Please retype the data in full and exactly; the pictures are not part of the copy.

DATA IN THIS EXERCISE START

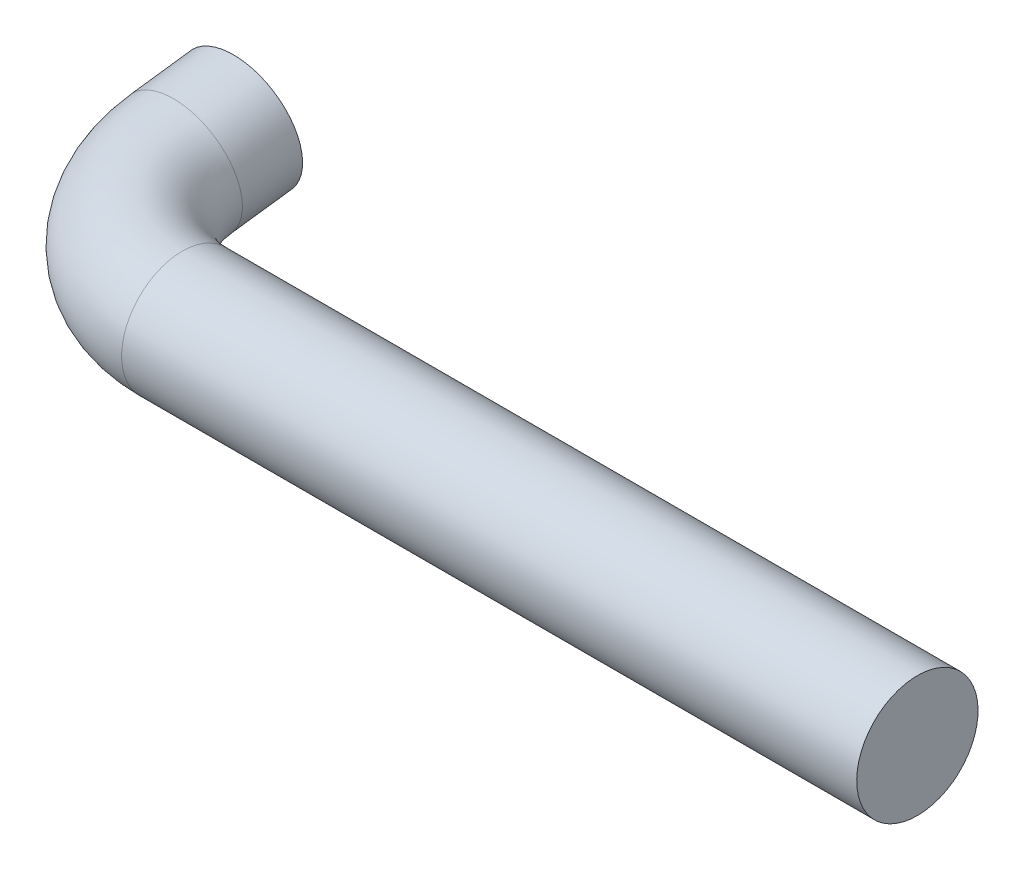
ISO-10303-21;
HEADER;
FILE_DESCRIPTION(('STEP AP214'),'2;1');
FILE_NAME('part.step','',(''),(''),'','','');
FILE_SCHEMA(('AUTOMOTIVE_DESIGN { 1 0 10303 214 1 1 1 1 }'));
ENDSEC;
DATA;
#1=APPLICATION_CONTEXT('core data for automotive mechanical design processes');
#2=APPLICATION_PROTOCOL_DEFINITION('international standard','automotive_design',2000,#1);
#3=PRODUCT_CONTEXT('',#1,'mechanical');
#4=PRODUCT('Part','Part','',(#3));
#5=PRODUCT_RELATED_PRODUCT_CATEGORY('part','',(#4));
#6=PRODUCT_DEFINITION_FORMATION('','',#4);
#7=PRODUCT_DEFINITION_CONTEXT('part definition',#1,'design');
#8=PRODUCT_DEFINITION('design','',#6,#7);
#9=PRODUCT_DEFINITION_SHAPE('','',#8);
#10=(LENGTH_UNIT() NAMED_UNIT(*) SI_UNIT(.MILLI.,.METRE.));
#11=(NAMED_UNIT(*) PLANE_ANGLE_UNIT() SI_UNIT($,.RADIAN.));
#12=(NAMED_UNIT(*) SI_UNIT($,.STERADIAN.) SOLID_ANGLE_UNIT());
#13=UNCERTAINTY_MEASURE_WITH_UNIT(LENGTH_MEASURE(1.E-05),#10,'distance_accuracy_value','');
#14=(GEOMETRIC_REPRESENTATION_CONTEXT(3) GLOBAL_UNCERTAINTY_ASSIGNED_CONTEXT((#13)) GLOBAL_UNIT_ASSIGNED_CONTEXT((#10,
#11,#12)) REPRESENTATION_CONTEXT('',''));
#15=CARTESIAN_POINT('',(0.,0.,0.));
#16=DIRECTION('',(0.,0.,1.));
#17=DIRECTION('',(1.,0.,0.));
#18=AXIS2_PLACEMENT_3D('',#15,#16,#17);
#19=CARTESIAN_POINT('',(56.7,2.652509785563,34.287475540671));
#20=DIRECTION('',(1.,0.,0.));
#21=DIRECTION('',(0.,1.,0.));
#22=AXIS2_PLACEMENT_3D('',#19,#20,#21);
#23=PLANE('',#22);
#24=CARTESIAN_POINT('',(56.7,2.652509785563,34.287475540671));
#25=DIRECTION('',(-1.,0.,0.));
#26=DIRECTION('',(0.,-0.991562225918097,-0.129631601596019));
#27=AXIS2_PLACEMENT_3D('',#24,#25,#26);
#28=CIRCLE('',#27,1.5);
#29=CARTESIAN_POINT('',(56.7,1.16516644668585,34.093028138277));
#30=VERTEX_POINT('',#29);
#31=EDGE_CURVE('E47',#30,#30,#28,.T.);
#32=ORIENTED_EDGE('',*,*,#31,.F.);
#33=EDGE_LOOP('',(#32));
#34=FACE_BOUND('',#33,.T.);
#35=ADVANCED_FACE('F14',(#34),#23,.T.);
#36=CARTESIAN_POINT('',(38.525036827418,2.652509785563,34.287475540671));
#37=DIRECTION('',(1.,0.,0.));
#38=DIRECTION('',(0.,-0.991562225918098,-0.129631601596013));
#39=AXIS2_PLACEMENT_3D('',#36,#37,#38);
#40=CYLINDRICAL_SURFACE('',#39,1.5);
#41=ORIENTED_EDGE('',*,*,#31,.T.);
#42=CARTESIAN_POINT('',(38.525036827418,1.16516644668585,34.093028138277));
#43=DIRECTION('',(1.,0.,0.));
#44=VECTOR('',#43,1.);
#45=LINE('',#42,#44);
#46=CARTESIAN_POINT('',(38.525036827418,1.1651664466864,34.0930281382766));
#47=VERTEX_POINT('',#46);
#48=EDGE_CURVE('E51',#47,#30,#45,.T.);
#49=ORIENTED_EDGE('',*,*,#48,.F.);
#50=CARTESIAN_POINT('',(38.525036827418,1.16516644668696,34.0930281382761));
#51=CARTESIAN_POINT('',(38.525036827418,1.16198428905221,34.1173646938345));
#52=CARTESIAN_POINT('',(38.525036827418,1.1594004612545,34.1417794271937));
#53=CARTESIAN_POINT('',(38.525036827418,1.1554334088696,34.1907062473126));
#54=CARTESIAN_POINT('',(38.525036827418,1.1540501842824,34.2152183340723));
#55=CARTESIAN_POINT('',(38.525036827418,1.15248828185492,34.2642808587907));
#56=CARTESIAN_POINT('',(38.525036827418,1.15230960401465,34.2888312967494));
#57=CARTESIAN_POINT('',(38.525036827418,1.15315706175374,34.3379113664302));
#58=CARTESIAN_POINT('',(38.525036827418,1.15418319733311,34.3624409981522));
#59=CARTESIAN_POINT('',(38.525036827418,1.15743785374516,34.4114203648868));
#60=CARTESIAN_POINT('',(38.525036827418,1.15966637457783,34.4358700998993));
#61=CARTESIAN_POINT('',(38.525036827418,1.16532042103587,34.4846307707081));
#62=CARTESIAN_POINT('',(38.525036827418,1.16874594666124,34.5089417065044));
#63=CARTESIAN_POINT('',(38.525036827418,1.17678575346415,34.5573662119625));
#64=CARTESIAN_POINT('',(38.525036827418,1.18140003464168,34.5814797816244));
#65=CARTESIAN_POINT('',(38.525036827418,1.19180623549716,34.6294514630437));
#66=CARTESIAN_POINT('',(38.525036827418,1.1975981551751,34.6533095748012));
#67=CARTESIAN_POINT('',(38.525036827418,1.21034568001579,34.7007128641492));
#68=CARTESIAN_POINT('',(38.525036827418,1.21730128517854,34.7242580417398));
#69=CARTESIAN_POINT('',(38.525036827418,1.23235942426614,34.7709787403539));
#70=CARTESIAN_POINT('',(38.525036827418,1.240461958191,34.7941542613775));
#71=CARTESIAN_POINT('',(38.525036827418,1.25779443510516,34.8400798149989));
#72=CARTESIAN_POINT('',(38.525036827418,1.26702437809445,34.8628298475967));
#73=CARTESIAN_POINT('',(38.525036827418,1.28658943739201,34.9078496175451));
#74=CARTESIAN_POINT('',(38.525036827418,1.29692455370028,34.9301193548956));
#75=CARTESIAN_POINT('',(38.525036827418,1.31867506143651,34.9741248846016));
#76=CARTESIAN_POINT('',(38.525036827418,1.33009045286447,34.995860676957));
#77=CARTESIAN_POINT('',(38.525036827418,1.35397401016198,35.0387459532452));
#78=CARTESIAN_POINT('',(38.525036827418,1.36644217603151,35.0598954371779));
#79=CARTESIAN_POINT('',(38.525036827418,1.39240124530858,35.1015571456614));
#80=CARTESIAN_POINT('',(38.525036827418,1.4058921487161,35.1220693702122));
#81=CARTESIAN_POINT('',(38.525036827418,1.43386419230116,35.1624071441861));
#82=CARTESIAN_POINT('',(38.525036827418,1.44834533247868,35.1822326936093));
#83=CARTESIAN_POINT('',(38.525036827418,1.47826296326864,35.221149355843));
#84=CARTESIAN_POINT('',(38.525036827418,1.49369945388108,35.2402404686535));
#85=CARTESIAN_POINT('',(38.525036827418,1.52549059768292,35.2776422654989));
#86=CARTESIAN_POINT('',(38.525036827418,1.54184525087231,35.2959529495338));
#87=CARTESIAN_POINT('',(38.525036827418,1.57543332003602,35.3317497767864));
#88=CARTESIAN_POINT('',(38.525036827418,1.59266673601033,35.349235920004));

DATA IN THIS EXERCISE END

REPLY:
ISO-10303-21;
HEADER;
FILE_DESCRIPTION(('STEP AP214'),'2;1');
FILE_NAME('part.step','',(''),(''),'','','');
FILE_SCHEMA(('AUTOMOTIVE_DESIGN { 1 0 10303 214 1 1 1 1 }'));
ENDSEC;
DATA;
#1=APPLICATION_CONTEXT('core data for automotive mechanical design processes');
#2=APPLICATION_PROTOCOL_DEFINITION('international standard','automotive_design',2000,#1);
#3=PRODUCT_CONTEXT('',#1,'mechanical');
#4=PRODUCT('Part','Part','',(#3));
#5=PRODUCT_RELATED_PRODUCT_CATEGORY('part','',(#4));
#6=PRODUCT_DEFINITION_FORMATION('','',#4);
#7=PRODUCT_DEFINITION_CONTEXT('part definition',#1,'design');
#8=PRODUCT_DEFINITION('design','',#6,#7);
#9=PRODUCT_DEFINITION_SHAPE('','',#8);
#10=(LENGTH_UNIT() NAMED_UNIT(*) SI_UNIT(.MILLI.,.METRE.));
#11=(NAMED_UNIT(*) PLANE_ANGLE_UNIT() SI_UNIT($,.RADIAN.));
#12=(NAMED_UNIT(*) SI_UNIT($,.STERADIAN.) SOLID_ANGLE_UNIT());
#13=UNCERTAINTY_MEASURE_WITH_UNIT(LENGTH_MEASURE(1.E-05),#10,'distance_accuracy_value','');
#14=(GEOMETRIC_REPRESENTATION_CONTEXT(3) GLOBAL_UNCERTAINTY_ASSIGNED_CONTEXT((#13)) GLOBAL_UNIT_ASSIGNED_CONTEXT((#10,
#11,#12)) REPRESENTATION_CONTEXT('',''));
#15=CARTESIAN_POINT('',(0.,0.,0.));
#16=DIRECTION('',(0.,0.,1.));
#17=DIRECTION('',(1.,0.,0.));
#18=AXIS2_PLACEMENT_3D('',#15,#16,#17);
#19=CARTESIAN_POINT('',(56.7,2.652509785563,34.287475540671));
#20=DIRECTION('',(1.,0.,0.));
#21=DIRECTION('',(0.,1.,0.));
#22=AXIS2_PLACEMENT_3D('',#19,#20,#21);
#23=PLANE('',#22);
#24=CARTESIAN_POINT('',(56.7,2.652509785563,34.287475540671));
#25=DIRECTION('',(-1.,0.,0.));
#26=DIRECTION('',(0.,-0.991562225918097,-0.129631601596019));
#27=AXIS2_PLACEMENT_3D('',#24,#25,#26);
#28=CIRCLE('',#27,1.5);
#29=CARTESIAN_POINT('',(56.7,1.16516644668585,34.093028138277));
#30=VERTEX_POINT('',#29);
#31=EDGE_CURVE('E47',#30,#30,#28,.T.);
#32=ORIENTED_EDGE('',*,*,#31,.F.);
#33=EDGE_LOOP('',(#32));
#34=FACE_BOUND('',#33,.T.);
#35=ADVANCED_FACE('F14',(#34),#23,.T.);
#36=CARTESIAN_POINT('',(38.525036827418,2.652509785563,34.287475540671));
#37=DIRECTION('',(1.,0.,0.));
#38=DIRECTION('',(0.,-0.991562225918098,-0.129631601596013));
#39=AXIS2_PLACEMENT_3D('',#36,#37,#38);
#40=CYLINDRICAL_SURFACE('',#39,1.5);
#41=ORIENTED_EDGE('',*,*,#31,.T.);
#42=CARTESIAN_POINT('',(38.525036827418,1.16516644668585,34.093028138277));
#43=DIRECTION('',(1.,0.,0.));
#44=VECTOR('',#43,1.);
#45=LINE('',#42,#44);
#46=CARTESIAN_POINT('',(38.525036827418,1.1651664466864,34.0930281382766));
#47=VERTEX_POINT('',#46);
#48=EDGE_CURVE('E51',#47,#30,#45,.T.);
#49=ORIENTED_EDGE('',*,*,#48,.F.);
#50=CARTESIAN_POINT('',(38.525036827418,1.16516644668696,34.0930281382761));
#51=CARTESIAN_POINT('',(38.525036827418,1.16198428905221,34.1173646938345));
#52=CARTESIAN_POINT('',(38.525036827418,1.1594004612545,34.1417794271937));
#53=CARTESIAN_POINT('',(38.525036827418,1.1554334088696,34.1907062473126));
#54=CARTESIAN_POINT('',(38.525036827418,1.1540501842824,34.2152183340723));
#55=CARTESIAN_POINT('',(38.525036827418,1.15248828185492,34.2642808587907));
#56=CARTESIAN_POINT('',(38.525036827418,1.15230960401465,34.2888312967494));
#57=CARTESIAN_POINT('',(38.525036827418,1.15315706175374,34.3379113664302));
#58=CARTESIAN_POINT('',(38.525036827418,1.15418319733311,34.3624409981522));
#59=CARTESIAN_POINT('',(38.525036827418,1.15743785374516,34.4114203648868));
#60=CARTESIAN_POINT('',(38.525036827418,1.15966637457783,34.4358700998993));
#61=CARTESIAN_POINT('',(38.525036827418,1.16532042103587,34.4846307707081));
#62=CARTESIAN_POINT('',(38.525036827418,1.16874594666124,34.5089417065044));
#63=CARTESIAN_POINT('',(38.525036827418,1.17678575346415,34.5573662119625));
#64=CARTESIAN_POINT('',(38.525036827418,1.18140003464168,34.5814797816244));
#65=CARTESIAN_POINT('',(38.525036827418,1.19180623549716,34.6294514630437));
#66=CARTESIAN_POINT('',(38.525036827418,1.1975981551751,34.6533095748012));
#67=CARTESIAN_POINT('',(38.525036827418,1.21034568001579,34.7007128641492));
#68=CARTESIAN_POINT('',(38.525036827418,1.21730128517854,34.7242580417398));
#69=CARTESIAN_POINT('',(38.525036827418,1.23235942426614,34.7709787403539));
#70=CARTESIAN_POINT('',(38.525036827418,1.240461958191,34.7941542613775));
#71=CARTESIAN_POINT('',(38.525036827418,1.25779443510516,34.8400798149989));
#72=CARTESIAN_POINT('',(38.525036827418,1.26702437809445,34.8628298475967));
#73=CARTESIAN_POINT('',(38.525036827418,1.28658943739201,34.9078496175451));
#74=CARTESIAN_POINT('',(38.525036827418,1.29692455370028,34.9301193548956));
#75=CARTESIAN_POINT('',(38.525036827418,1.31867506143651,34.9741248846016));
#76=CARTESIAN_POINT('',(38.525036827418,1.33009045286447,34.995860676957));
#77=CARTESIAN_POINT('',(38.525036827418,1.35397401016198,35.0387459532452));
#78=CARTESIAN_POINT('',(38.525036827418,1.36644217603151,35.0598954371779));
#79=CARTESIAN_POINT('',(38.525036827418,1.39240124530858,35.1015571456614));
#80=CARTESIAN_POINT('',(38.525036827418,1.4058921487161,35.1220693702122));
#81=CARTESIAN_POINT('',(38.525036827418,1.43386419230116,35.1624071441861));
#82=CARTESIAN_POINT('',(38.525036827418,1.44834533247868,35.1822326936093));
#83=CARTESIAN_POINT('',(38.525036827418,1.47826296326864,35.221149355843));
#84=CARTESIAN_POINT('',(38.525036827418,1.49369945388108,35.2402404686535));
#85=CARTESIAN_POINT('',(38.525036827418,1.52549059768292,35.2776422654989));
#86=CARTESIAN_POINT('',(38.525036827418,1.54184525087231,35.2959529495338));
#87=CARTESIAN_POINT('',(38.525036827418,1.57543332003602,35.3317497767864));
#88=CARTESIAN_POINT('',(38.525036827418,1.59266673601033,35.349235920004));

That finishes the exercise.